A: (Backhous): Facial nerve damage is a known complication. It can be temporary or permanent. Damage to a nerve that affects taste is a more common complication. Facial nerve injuries occur in .5% of patients; damage to the nerve affecting taste occurs in 5-10%. The larger number of complications involving the latter are due to having to drill to the mastoid; the surgeon can get too close to the nerve. Most people will regain taste within 6-8 weeks but in the meantime have a metallic taste like sucking on a bottle cap. Surgeons that do a sizable number of cochlear implants have experience and thus tend to have a record showing less complications. Ask a surgeon about his experience.

(Hammerschlag): Go to a cochlear implant center; they do a high volume of surgery.

Q: I've read that cochlear implant surgery destroys the remaining hearing. I'm concerned about this. I have hearing in one ear but no speech comprehension.

A: (Backhous): A cochlear implant may destroy residual hearing, but that doesn't mean you will lose hearing on the opposite side. He has seen people retain some hearing even in the ear where the implant has full insertion. A great disappointment is that the middle ear implant is not getting to the people in the middle who struggle with both hearing aids and speech. "Nobody makes an ear like God makes an ear."

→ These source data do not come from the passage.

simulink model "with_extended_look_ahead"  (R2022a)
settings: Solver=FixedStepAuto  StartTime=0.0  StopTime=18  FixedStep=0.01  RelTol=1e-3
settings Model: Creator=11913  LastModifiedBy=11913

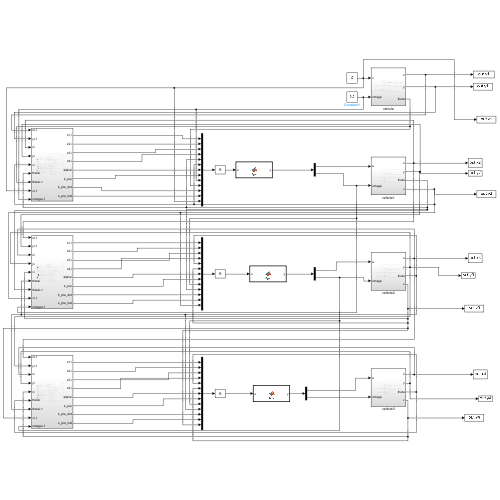
[thumbnail: Simulink's stored preview of the top-level diagram]
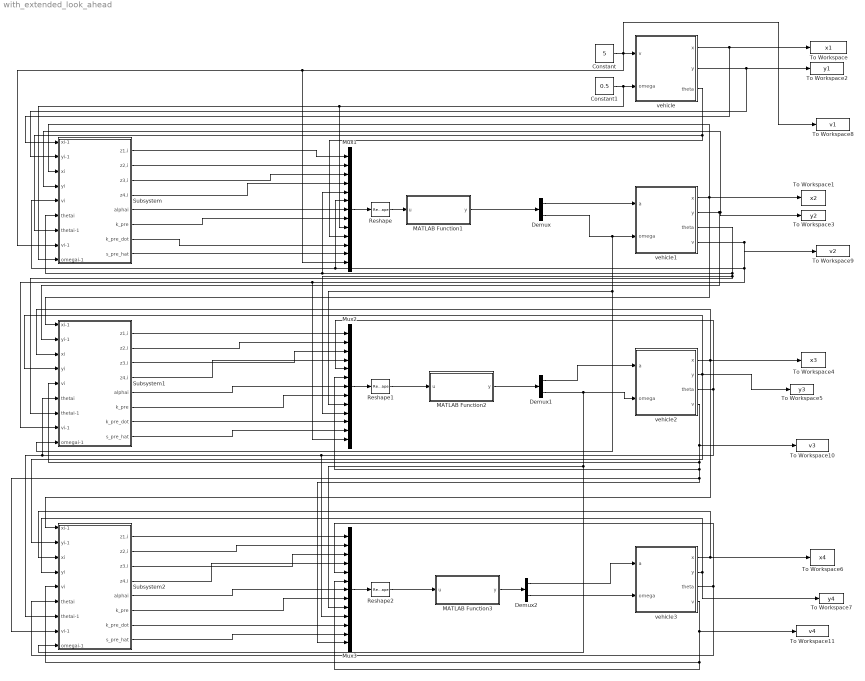
== system with_extended_look_ahead ==
  Constant : Constant  Value=5
  Constant1 : Constant  Value=0.5
  Demux : Demux  Outputs=2
  Demux1 : Demux  Outputs=2
  Demux2 : Demux  Outputs=2
  MATLAB Function1 : MATLAB Function  TreatAsAtomicUnit=on
  MATLAB Function2 : MATLAB Function  TreatAsAtomicUnit=on
  MATLAB Function3 : MATLAB Function  TreatAsAtomicUnit=on
  Mux1 : Mux  Inputs=13
  Mux2 : Mux  Inputs=13
  Mux3 : Mux  Inputs=13
  Reshape : Reshape  OutputDimensionality=Customize  OutputDimensions=[1,13]
  Reshape1 : Reshape  OutputDimensionality=Customize  OutputDimensions=[1,13]
  Reshape2 : Reshape  OutputDimensionality=Customize  OutputDimensions=[1,13]
  Subsystem : Subsystem
  Subsystem1 : Subsystem
  Subsystem2 : Subsystem
  To Workspace : ToWorkspace  VariableName=x1  SampleTime=-1
      settings: Save2DSignal=2-D array (concatenate along first dimension)
  To Workspace1 : ToWorkspace  VariableName=x2  SampleTime=-1
      settings: Save2DSignal=2-D array (concatenate along first dimension)
  To Workspace10 : ToWorkspace  VariableName=v3  SaveFormat=Timeseries  SampleTime=-1
      settings: Save2DSignal=2-D array (concatenate along first dimension)
  To Workspace11 : ToWorkspace  VariableName=v4  SaveFormat=Timeseries  SampleTime=-1
      settings: Save2DSignal=2-D array (concatenate along first dimension)
  To Workspace2 : ToWorkspace  VariableName=y1  SampleTime=-1
      settings: Save2DSignal=2-D array (concatenate along first dimension)
  To Workspace3 : ToWorkspace  VariableName=y2  SampleTime=-1
      settings: Save2DSignal=2-D array (concatenate along first dimension)
  To Workspace4 : ToWorkspace  VariableName=x3  SampleTime=-1
      settings: Save2DSignal=2-D array (concatenate along first dimension)
  To Workspace5 : ToWorkspace  VariableName=y3  SampleTime=-1
      settings: Save2DSignal=2-D array (concatenate along first dimension)
  To Workspace6 : ToWorkspace  VariableName=x4  SampleTime=-1
      settings: Save2DSignal=2-D array (concatenate along first dimension)
  To Workspace7 : ToWorkspace  VariableName=y4  SampleTime=-1
      settings: Save2DSignal=2-D array (concatenate along first dimension)
  To Workspace8 : ToWorkspace  VariableName=v1  SaveFormat=Timeseries  SampleTime=-1
      settings: Save2DSignal=2-D array (concatenate along first dimension)
  To Workspace9 : ToWorkspace  VariableName=v2  SaveFormat=Timeseries  SampleTime=-1
      settings: Save2DSignal=2-D array (concatenate along first dimension)
  vehicle : Subsystem
  vehicle1 : Subsystem
  vehicle2 : Subsystem
  vehicle3 : Subsystem
  wires:
  Constant/1 -> To Workspace8/1, Mux1/13, Subsystem/8(vi-1), vehicle/1(v)
  Constant1/1 -> Subsystem/9(omegai-1), Mux1/9, vehicle/2(omega)
  vehicle/2(y) -> To Workspace2/1, Subsystem/2(yi-1)
  vehicle/1(x) -> To Workspace/1, Subsystem/1(xi-1)
  vehicle/3(theta) -> Mux1/10, Subsystem/7(thetai-1)
  vehicle1/1(x) -> Subsystem1/1(xi-1), Subsystem/3(xi), To Workspace1/1
  vehicle1/2(y) -> Subsystem1/2(yi-1), To Workspace3/1, Subsystem/4(yi)
  vehicle1/4(v) -> To Workspace9/1, Mux2/13, Subsystem1/8(vi-1), Subsystem/5(vi), Mux1/6
  vehicle1/3(theta) -> Mux2/10, Subsystem1/7(thetai-1), Subsystem/6(thetai), Mux1/5
  Subsystem/1(z1,i) -> Mux1/1
  Subsystem/2(z2,i) -> Mux1/2
  Subsystem/3(z3,i) -> Mux1/3
  Subsystem/4(z4,i) -> Mux1/4
  Subsystem/5(alphai) -> Mux1/7
  Subsystem/6(k_pre) -> Mux1/8
  Subsystem/7(k_pre_dot) -> Mux1/11
  Subsystem/8(s_pre_hat) -> Mux1/12
  MATLAB Function1/1(y) -> Demux/1
  Demux/1 -> vehicle1/1(a)
  Demux/2 -> Mux2/9, Subsystem1/9(omegai-1), vehicle1/2(omega)
  Mux1/1 -> Reshape/1
  Reshape/1 -> MATLAB Function1/1(u)
  vehicle2/1(x) -> Subsystem2/1(xi-1), To Workspace4/1, Subsystem1/3(xi)
  vehicle2/2(y) -> Subsystem2/2(yi-1), To Workspace5/1, Subsystem1/4(yi)
  vehicle2/4(v) -> To Workspace10/1, Mux3/13, Subsystem2/8(vi-1), Mux2/6, Subsystem1/5(vi)
  vehicle2/3(theta) -> Mux3/10, Subsystem2/7(thetai-1), Subsystem1/6(thetai), Mux2/5
  Subsystem1/1(z1,i) -> Mux2/1
  Subsystem1/2(z2,i) -> Mux2/2
  Subsystem1/3(z3,i) -> Mux2/3
  Subsystem1/4(z4,i) -> Mux2/4
  Subsystem1/5(alphai) -> Mux2/7
  Subsystem1/6(k_pre) -> Mux2/8
  Subsystem1/7(k_pre_dot) -> Mux2/11
  Subsystem1/8(s_pre_hat) -> Mux2/12
  Mux2/1 -> Reshape1/1
  Reshape1/1 -> MATLAB Function2/1(u)
  MATLAB Function2/1(y) -> Demux1/1
  Demux1/1 -> vehicle2/1(a)
  Demux1/2 -> Mux3/9, Subsystem2/9(omegai-1), vehicle2/2(omega)
  vehicle3/1(x) -> To Workspace6/1, Subsystem2/3(xi)
  vehicle3/2(y) -> To Workspace7/1, Subsystem2/4(yi)
  vehicle3/4(v) -> Mux3/6, Subsystem2/5(vi), To Workspace11/1
  vehicle3/3(theta) -> Subsystem2/6(thetai), Mux3/5
  Subsystem2/1(z1,i) -> Mux3/1
  Subsystem2/2(z2,i) -> Mux3/2
  Subsystem2/3(z3,i) -> Mux3/3
  Subsystem2/4(z4,i) -> Mux3/4
  Subsystem2/5(alphai) -> Mux3/7
  Subsystem2/6(k_pre) -> Mux3/8
  Subsystem2/7(k_pre_dot) -> Mux3/11
  Subsystem2/8(s_pre_hat) -> Mux3/12
  Mux3/1 -> Reshape2/1
  Reshape2/1 -> MATLAB Function3/1(u)
  MATLAB Function3/1(y) -> Demux2/1
  Demux2/1 -> vehicle3/1(a)
  Demux2/2 -> vehicle3/2(omega)

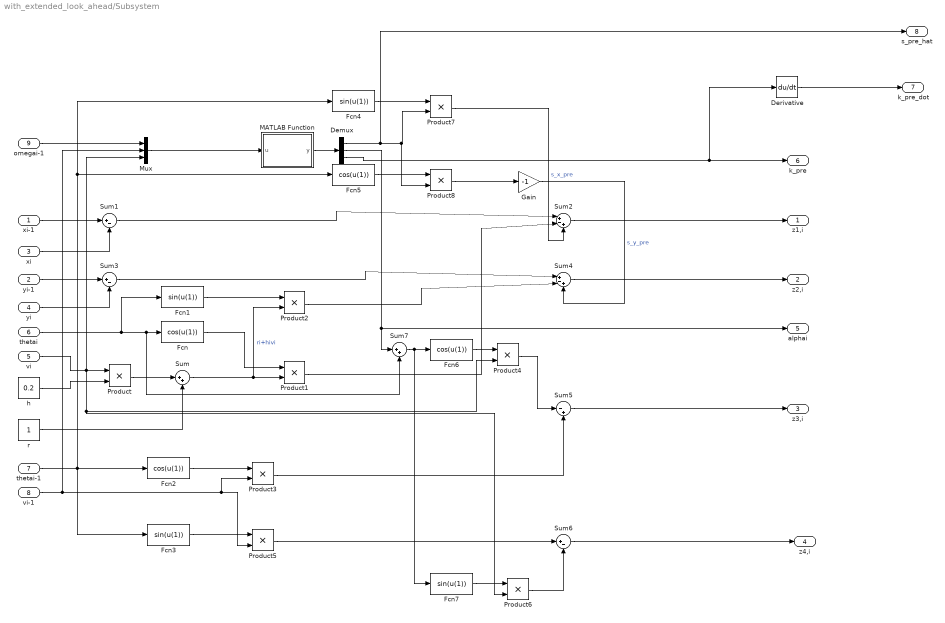
== system with_extended_look_ahead/Subsystem ==
  xi-1 : Inport
  yi-1 : Inport  Port=2
  xi : Inport  Port=3
  yi : Inport  Port=4
  vi : Inport  Port=5
  thetai : Inport  Port=6
  thetai-1 : Inport  Port=7
  vi-1 : Inport  Port=8
  omegai-1 : Inport  Port=9
  Demux : Demux  Outputs=3
  Derivative : Derivative
  Fcn{,2,5..6} (4 alike) : Fcn  Expr=cos(u(1))
  Fcn{1,3..4,7} (4 alike) : Fcn  Expr=sin(u(1))
  Gain : Gain  Gain=-1
  MATLAB Function : MATLAB Function  TreatAsAtomicUnit=on
  Mux : Mux  Inputs=3
  Product{,1..8} (9 alike) : Product
  Sum : Sum  Inputs=|++
  Sum1 : Sum  Inputs=|+-
  Sum2 : Sum  Inputs=|+-+
  Sum3 : Sum  Inputs=|+-
  Sum4 : Sum  Inputs=|+-+
  Sum5 : Sum  Inputs=|-+
  Sum6 : Sum  Inputs=|+-
  Sum7 : Sum  Inputs=|++
  h : Constant  Value=0.2
  r : Constant
  z1,i : Outport
  z2,i : Outport  Port=2
  z3,i : Outport  Port=3
  z4,i : Outport  Port=4
  alphai : Outport  Port=5
  k_pre : Outport  Port=6
  k_pre_dot : Outport  Port=7
  s_pre_hat : Outport  Port=8
  wires:
  vi/1 -> Product6/2, Product4/2, Mux/3, Product/1
  h/1 -> Product/2
  Product/1 -> Sum/1
  r/1 -> Sum/2
  xi-1/1 -> Sum1/1
  xi/1 -> Sum1/2
  thetai/1 -> Sum7/2, Fcn/1, Fcn1/1
  Sum/1 -> Product2/2, Product1/2  "ri+hivi"
  Fcn/1 -> Product1/1
  Sum1/1 -> Sum2/1
  Product1/1 -> Sum2/2
  yi-1/1 -> Sum3/1
  yi/1 -> Sum3/2
  Fcn1/1 -> Product2/1
  Sum3/1 -> Sum4/1
  Product2/1 -> Sum4/2
  Sum4/1 -> z2,i/1
  Sum2/1 -> z1,i/1
  thetai-1/1 -> Fcn5/1, Fcn4/1, Fcn3/1, Fcn2/1
  Fcn2/1 -> Product3/1
  vi-1/1 -> Mux/2, Product5/2, Product3/2
  Product3/1 -> Sum5/2
  Sum5/1 -> z3,i/1
  Fcn3/1 -> Product5/1
  Product5/1 -> Sum6/1
  Sum6/1 -> z4,i/1
  omegai-1/1 -> Mux/1
  Mux/1 -> MATLAB Function/1(u)
  Fcn4/1 -> Product7/1
  Product7/1 -> Sum2/3  "s_x_pre"
  Fcn5/1 -> Product8/1
  Product8/1 -> Gain/1
  Gain/1 -> Sum4/3  "s_y_pre"
  MATLAB Function/1(y) -> Demux/1
  Demux/1 -> s_pre_hat/1, Product8/2, Product7/2
  Demux/2 -> alphai/1, Sum7/1
  Sum7/1 -> Fcn7/1, Fcn6/1
  Fcn6/1 -> Product4/1
  Product4/1 -> Sum5/1
  Fcn7/1 -> Product6/1
  Product6/1 -> Sum6/2
  Demux/3 -> Derivative/1, k_pre/1
  Derivative/1 -> k_pre_dot/1

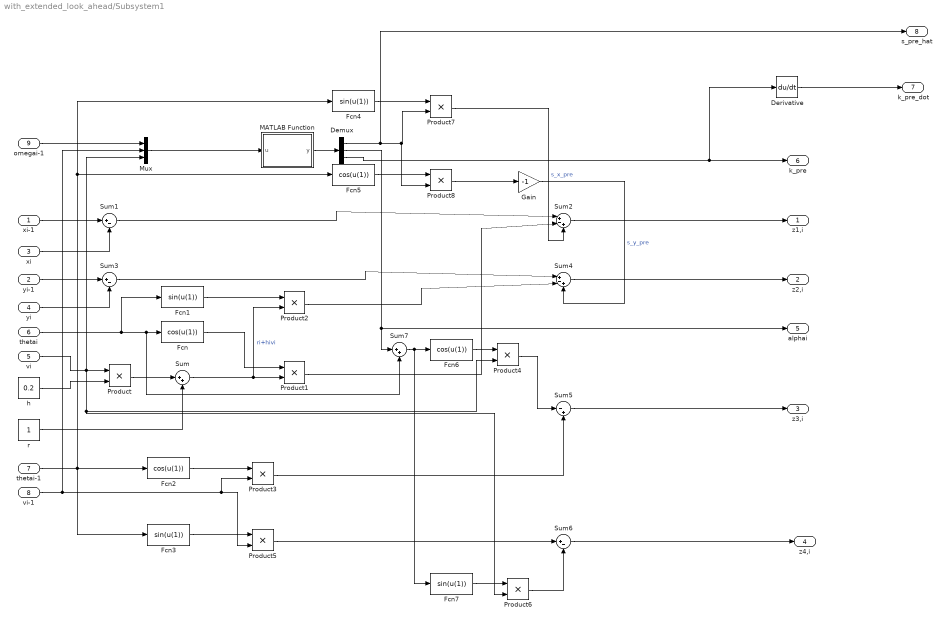
== system with_extended_look_ahead/Subsystem1 ==
  xi-1 : Inport
  yi-1 : Inport  Port=2
  xi : Inport  Port=3
  yi : Inport  Port=4
  vi : Inport  Port=5
  thetai : Inport  Port=6
  thetai-1 : Inport  Port=7
  vi-1 : Inport  Port=8
  omegai-1 : Inport  Port=9
  Demux : Demux  Outputs=3
  Derivative : Derivative
  Fcn{,2,5..6} (4 alike) : Fcn  Expr=cos(u(1))
  Fcn{1,3..4,7} (4 alike) : Fcn  Expr=sin(u(1))
  Gain : Gain  Gain=-1
  MATLAB Function : MATLAB Function  TreatAsAtomicUnit=on
  Mux : Mux  Inputs=3
  Product{,1..8} (9 alike) : Product
  Sum : Sum  Inputs=|++
  Sum1 : Sum  Inputs=|+-
  Sum2 : Sum  Inputs=|+-+
  Sum3 : Sum  Inputs=|+-
  Sum4 : Sum  Inputs=|+-+
  Sum5 : Sum  Inputs=|-+
  Sum6 : Sum  Inputs=|+-
  Sum7 : Sum  Inputs=|++
  h : Constant  Value=0.2
  r : Constant
  z1,i : Outport
  z2,i : Outport  Port=2
  z3,i : Outport  Port=3
  z4,i : Outport  Port=4
  alphai : Outport  Port=5
  k_pre : Outport  Port=6
  k_pre_dot : Outport  Port=7
  s_pre_hat : Outport  Port=8
  wires:
  vi/1 -> Product6/2, Product4/2, Mux/3, Product/1
  h/1 -> Product/2
  Product/1 -> Sum/1
  r/1 -> Sum/2
  xi-1/1 -> Sum1/1
  xi/1 -> Sum1/2
  thetai/1 -> Sum7/2, Fcn/1, Fcn1/1
  Sum/1 -> Product2/2, Product1/2  "ri+hivi"
  Fcn/1 -> Product1/1
  Sum1/1 -> Sum2/1
  Product1/1 -> Sum2/2
  yi-1/1 -> Sum3/1
  yi/1 -> Sum3/2
  Fcn1/1 -> Product2/1
  Sum3/1 -> Sum4/1
  Product2/1 -> Sum4/2
  Sum4/1 -> z2,i/1
  Sum2/1 -> z1,i/1
  thetai-1/1 -> Fcn5/1, Fcn4/1, Fcn3/1, Fcn2/1
  Fcn2/1 -> Product3/1
  vi-1/1 -> Mux/2, Product5/2, Product3/2
  Product3/1 -> Sum5/2
  Sum5/1 -> z3,i/1
  Fcn3/1 -> Product5/1
  Product5/1 -> Sum6/1
  Sum6/1 -> z4,i/1
  omegai-1/1 -> Mux/1
  Mux/1 -> MATLAB Function/1(u)
  Fcn4/1 -> Product7/1
  Product7/1 -> Sum2/3  "s_x_pre"
  Fcn5/1 -> Product8/1
  Product8/1 -> Gain/1
  Gain/1 -> Sum4/3  "s_y_pre"
  MATLAB Function/1(y) -> Demux/1
  Demux/1 -> s_pre_hat/1, Product8/2, Product7/2
  Demux/2 -> alphai/1, Sum7/1
  Sum7/1 -> Fcn7/1, Fcn6/1
  Fcn6/1 -> Product4/1
  Product4/1 -> Sum5/1
  Fcn7/1 -> Product6/1
  Product6/1 -> Sum6/2
  Demux/3 -> Derivative/1, k_pre/1
  Derivative/1 -> k_pre_dot/1

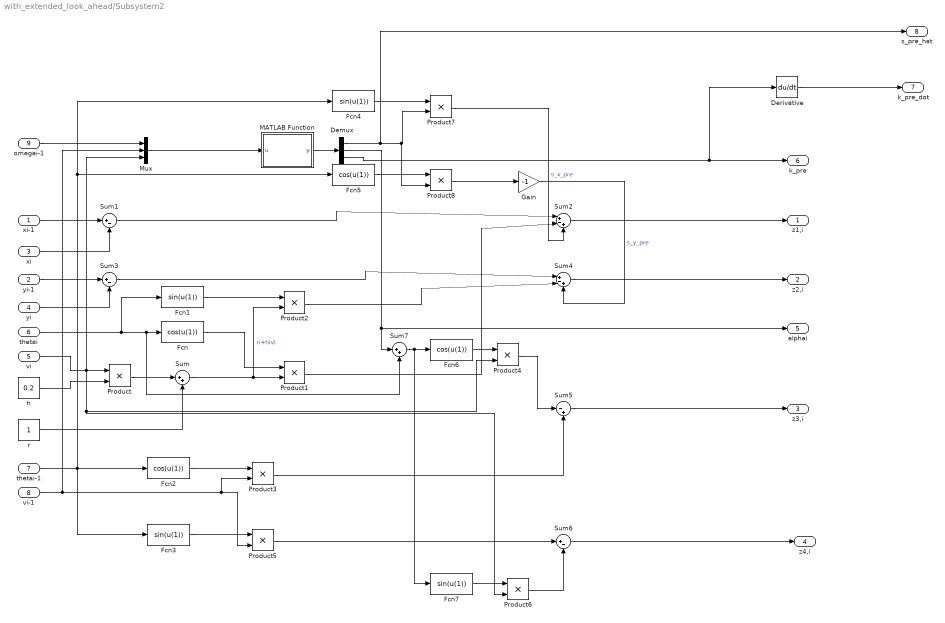
== system with_extended_look_ahead/Subsystem2 ==
  xi-1 : Inport
  yi-1 : Inport  Port=2
  xi : Inport  Port=3
  yi : Inport  Port=4
  vi : Inport  Port=5
  thetai : Inport  Port=6
  thetai-1 : Inport  Port=7
  vi-1 : Inport  Port=8
  omegai-1 : Inport  Port=9
  Demux : Demux  Outputs=3
  Derivative : Derivative
  Fcn{,2,5..6} (4 alike) : Fcn  Expr=cos(u(1))
  Fcn{1,3..4,7} (4 alike) : Fcn  Expr=sin(u(1))
  Gain : Gain  Gain=-1
  MATLAB Function : MATLAB Function  TreatAsAtomicUnit=on
  Mux : Mux  Inputs=3
  Product{,1..8} (9 alike) : Product
  Sum : Sum  Inputs=|++
  Sum1 : Sum  Inputs=|+-
  Sum2 : Sum  Inputs=|+-+
  Sum3 : Sum  Inputs=|+-
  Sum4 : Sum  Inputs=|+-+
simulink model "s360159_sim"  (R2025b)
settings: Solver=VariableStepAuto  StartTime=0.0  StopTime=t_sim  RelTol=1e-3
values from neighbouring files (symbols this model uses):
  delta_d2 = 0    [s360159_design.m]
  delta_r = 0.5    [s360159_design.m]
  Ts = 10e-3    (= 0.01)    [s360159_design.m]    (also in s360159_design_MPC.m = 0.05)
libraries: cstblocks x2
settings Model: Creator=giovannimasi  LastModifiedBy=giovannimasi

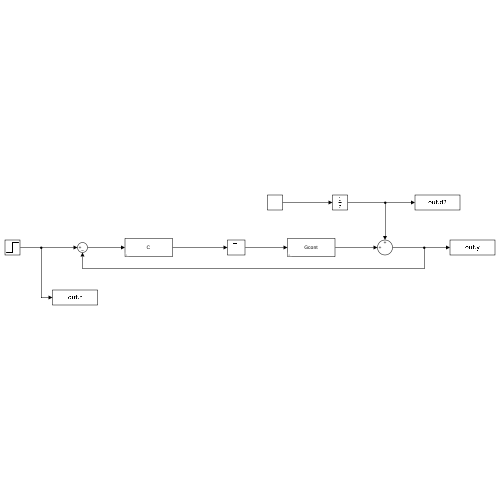
[thumbnail: Simulink's stored preview of the top-level diagram]
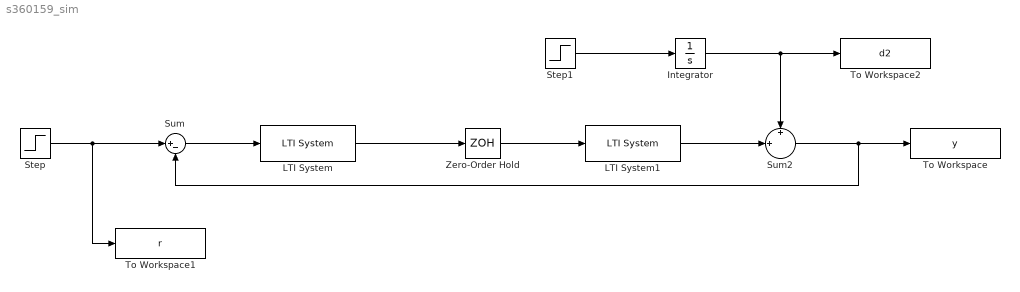
== system s360159_sim ==
  Integrator : Integrator
  LTI System : cstblocks/LTI System  sys=C  IC=[]  PadeOrder=0
  LTI System1 : cstblocks/LTI System  sys=Gcont  IC=[]  PadeOrder=0
  Step : Step  Time=0  After=delta_r  SampleTime=Ts
  Step1 : Step  Time=0  After=delta_d2  SampleTime=Ts
  Sum : Sum  Inputs=|+-
  Sum2 : Sum  Inputs=+|+||
  To Workspace : ToWorkspace  VariableName=y  SaveFormat=Timeseries  SampleTime=Ts
  To Workspace1 : ToWorkspace  VariableName=r  SaveFormat=Timeseries  SampleTime=Ts
  To Workspace2 : ToWorkspace  VariableName=d2  SaveFormat=Timeseries  SampleTime=Ts
  Zero-Order Hold : ZeroOrderHold  SampleTime=Ts
  wires:
  Step/1 -> To Workspace1/1, Sum/1
  Sum/1 -> LTI System/1
  LTI System/1 -> Zero-Order Hold/1
  Zero-Order Hold/1 -> LTI System1/1
  LTI System1/1 -> Sum2/2
  Sum2/1 -> To Workspace/1, Sum/2
  Step1/1 -> Integrator/1
  Integrator/1 -> To Workspace2/1, Sum2/1

A lot of people face not knowing whether they will do worse with a cochlear implant. After doing 260 cochlear implant surgeries, he hasn't seen anyone do worse than with a hearing aid, but he has heard of it happening. Some patients have been disappointed with music; they can't tell Beethoven from Bach with a cochlear implant. Many people tend to hang onto those last few decibels.

(Hammerschlag): Currently you need 56% or less speech discrimination to qualify for a cochlear implant. For some, that's a substantial amount of hearing. For some people it's not the surgery they're afraid of, it's acknowledging that they are really deaf and their hearing is no longer functional.

(Backhous): His cochlear implant operations now average 1 hour and 15 minutes and 98% of patients go home the same day, including kids. Don't jump into a cochlear implant until you're ready to do a lot of work to make it successful.

Q: Are cochlear implants made in the U.S. or other countries?

A: (Backhous): Cochlear's implants are made in Australia and the company stocks a Denver operation run by an American team. Med-El is made in Austrialia, with an operation similar to Cochlear's in Raleigh, NC. Advanced Bionics is headquartered in California and was invented by a team at the University of California in San Francisco. It is imported to Europe. His center carries all the products with no problems.